I love safari but lately I've noticed that when i go to change my avi to my current read the copy image location is no longer available when I right click on the image. Is this happening to anyone else and does anyone have a suggestion on what to do?  I've had my mac about a year and have only had another browser installed recently as s back up, but I feel kinda funny using ff or chrome on a mac and I know that's silly lol.  I just find it odd that until recently I never had issues changing the avi but now I have to use ff or chrome to do it.


----------



## pidgeon92 (Oct 27, 2008)

Not sure what you mean by avi?

The only time I have issues with copying an image URL is if it is embedded as flash.


----------



## mistyd107 (May 22, 2009)

sorry some Message boards call it avi for avatar some call it Profile pic


----------



## pidgeon92 (Oct 27, 2008)

I think the problem you are experiencing is in how Amazon embeds the pic on the Amazon product page.
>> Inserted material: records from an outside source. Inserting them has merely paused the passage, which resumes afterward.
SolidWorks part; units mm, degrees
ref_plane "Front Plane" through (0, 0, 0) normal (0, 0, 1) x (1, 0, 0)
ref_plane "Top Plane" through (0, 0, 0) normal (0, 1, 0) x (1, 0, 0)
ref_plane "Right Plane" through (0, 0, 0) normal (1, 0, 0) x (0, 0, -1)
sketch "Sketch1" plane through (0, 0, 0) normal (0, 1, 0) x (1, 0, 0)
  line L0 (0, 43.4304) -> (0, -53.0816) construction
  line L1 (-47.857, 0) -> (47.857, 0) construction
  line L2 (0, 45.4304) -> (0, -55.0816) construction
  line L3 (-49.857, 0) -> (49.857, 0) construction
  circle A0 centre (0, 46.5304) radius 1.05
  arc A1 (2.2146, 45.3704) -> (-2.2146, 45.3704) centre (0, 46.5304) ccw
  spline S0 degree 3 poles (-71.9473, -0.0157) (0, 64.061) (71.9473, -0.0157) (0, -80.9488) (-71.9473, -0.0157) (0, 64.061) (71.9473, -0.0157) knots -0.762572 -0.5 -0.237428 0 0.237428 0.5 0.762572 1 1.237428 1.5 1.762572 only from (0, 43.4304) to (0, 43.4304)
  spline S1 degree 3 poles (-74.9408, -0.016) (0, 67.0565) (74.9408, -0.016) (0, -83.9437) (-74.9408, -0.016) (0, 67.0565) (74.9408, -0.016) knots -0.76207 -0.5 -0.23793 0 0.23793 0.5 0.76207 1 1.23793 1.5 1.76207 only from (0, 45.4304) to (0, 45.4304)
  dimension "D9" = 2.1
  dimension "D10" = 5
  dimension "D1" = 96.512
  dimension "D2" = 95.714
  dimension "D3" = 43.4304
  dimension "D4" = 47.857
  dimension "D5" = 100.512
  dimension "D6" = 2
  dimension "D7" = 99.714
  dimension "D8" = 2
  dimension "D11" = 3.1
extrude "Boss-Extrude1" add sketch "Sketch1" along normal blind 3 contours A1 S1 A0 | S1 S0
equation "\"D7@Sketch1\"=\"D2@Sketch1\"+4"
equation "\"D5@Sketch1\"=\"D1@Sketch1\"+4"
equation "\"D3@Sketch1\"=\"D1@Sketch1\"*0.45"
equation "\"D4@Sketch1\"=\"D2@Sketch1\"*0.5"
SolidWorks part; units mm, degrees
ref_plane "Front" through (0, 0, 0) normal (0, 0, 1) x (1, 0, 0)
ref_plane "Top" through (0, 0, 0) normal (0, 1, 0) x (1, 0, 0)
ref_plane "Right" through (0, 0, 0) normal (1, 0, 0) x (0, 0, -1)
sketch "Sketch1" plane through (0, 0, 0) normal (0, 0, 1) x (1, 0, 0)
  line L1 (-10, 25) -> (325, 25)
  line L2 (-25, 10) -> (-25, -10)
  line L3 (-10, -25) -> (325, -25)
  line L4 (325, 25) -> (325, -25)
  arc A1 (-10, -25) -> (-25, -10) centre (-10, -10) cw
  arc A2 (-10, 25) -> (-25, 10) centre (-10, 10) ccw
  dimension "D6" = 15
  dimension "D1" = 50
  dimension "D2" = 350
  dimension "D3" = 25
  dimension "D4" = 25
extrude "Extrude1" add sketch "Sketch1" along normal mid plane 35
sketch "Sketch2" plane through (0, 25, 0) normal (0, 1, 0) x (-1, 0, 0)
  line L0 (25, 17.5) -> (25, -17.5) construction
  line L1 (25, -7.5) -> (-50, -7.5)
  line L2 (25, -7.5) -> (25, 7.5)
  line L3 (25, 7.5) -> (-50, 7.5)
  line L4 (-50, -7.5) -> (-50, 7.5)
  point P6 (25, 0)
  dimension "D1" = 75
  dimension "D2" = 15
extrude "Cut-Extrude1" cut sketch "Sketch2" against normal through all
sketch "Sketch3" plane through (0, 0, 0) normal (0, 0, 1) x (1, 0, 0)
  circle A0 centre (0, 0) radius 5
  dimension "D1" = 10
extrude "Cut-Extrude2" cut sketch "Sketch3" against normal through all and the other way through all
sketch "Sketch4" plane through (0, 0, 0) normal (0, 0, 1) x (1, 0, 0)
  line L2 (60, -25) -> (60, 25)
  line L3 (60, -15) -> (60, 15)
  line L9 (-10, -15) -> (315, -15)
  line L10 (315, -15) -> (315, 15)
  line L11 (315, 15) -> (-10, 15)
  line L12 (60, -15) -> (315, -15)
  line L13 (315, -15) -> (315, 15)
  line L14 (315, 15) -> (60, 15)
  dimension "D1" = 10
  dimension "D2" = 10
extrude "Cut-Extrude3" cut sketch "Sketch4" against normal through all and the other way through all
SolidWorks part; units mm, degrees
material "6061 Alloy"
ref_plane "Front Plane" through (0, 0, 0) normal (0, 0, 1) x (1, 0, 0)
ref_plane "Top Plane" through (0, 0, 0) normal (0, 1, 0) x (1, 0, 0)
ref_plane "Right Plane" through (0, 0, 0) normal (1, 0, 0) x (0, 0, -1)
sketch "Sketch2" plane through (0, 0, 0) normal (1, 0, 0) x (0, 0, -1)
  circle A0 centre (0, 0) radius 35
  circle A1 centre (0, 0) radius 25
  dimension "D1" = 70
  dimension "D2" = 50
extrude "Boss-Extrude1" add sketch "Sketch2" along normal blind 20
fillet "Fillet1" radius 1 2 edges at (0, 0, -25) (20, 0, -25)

I've had the same difficulty grabbing some of the cover URLs. Instead of using the pic from the product page, try grabbing the smaller pic that shows up when you search for the book.


----------



## mistyd107 (May 22, 2009)

that works thx!! It also may have something to do with the safari restore extension I had thx again


----------



## mistyd107 (May 22, 2009)

spoke to soon both solutions worked temporarily


----------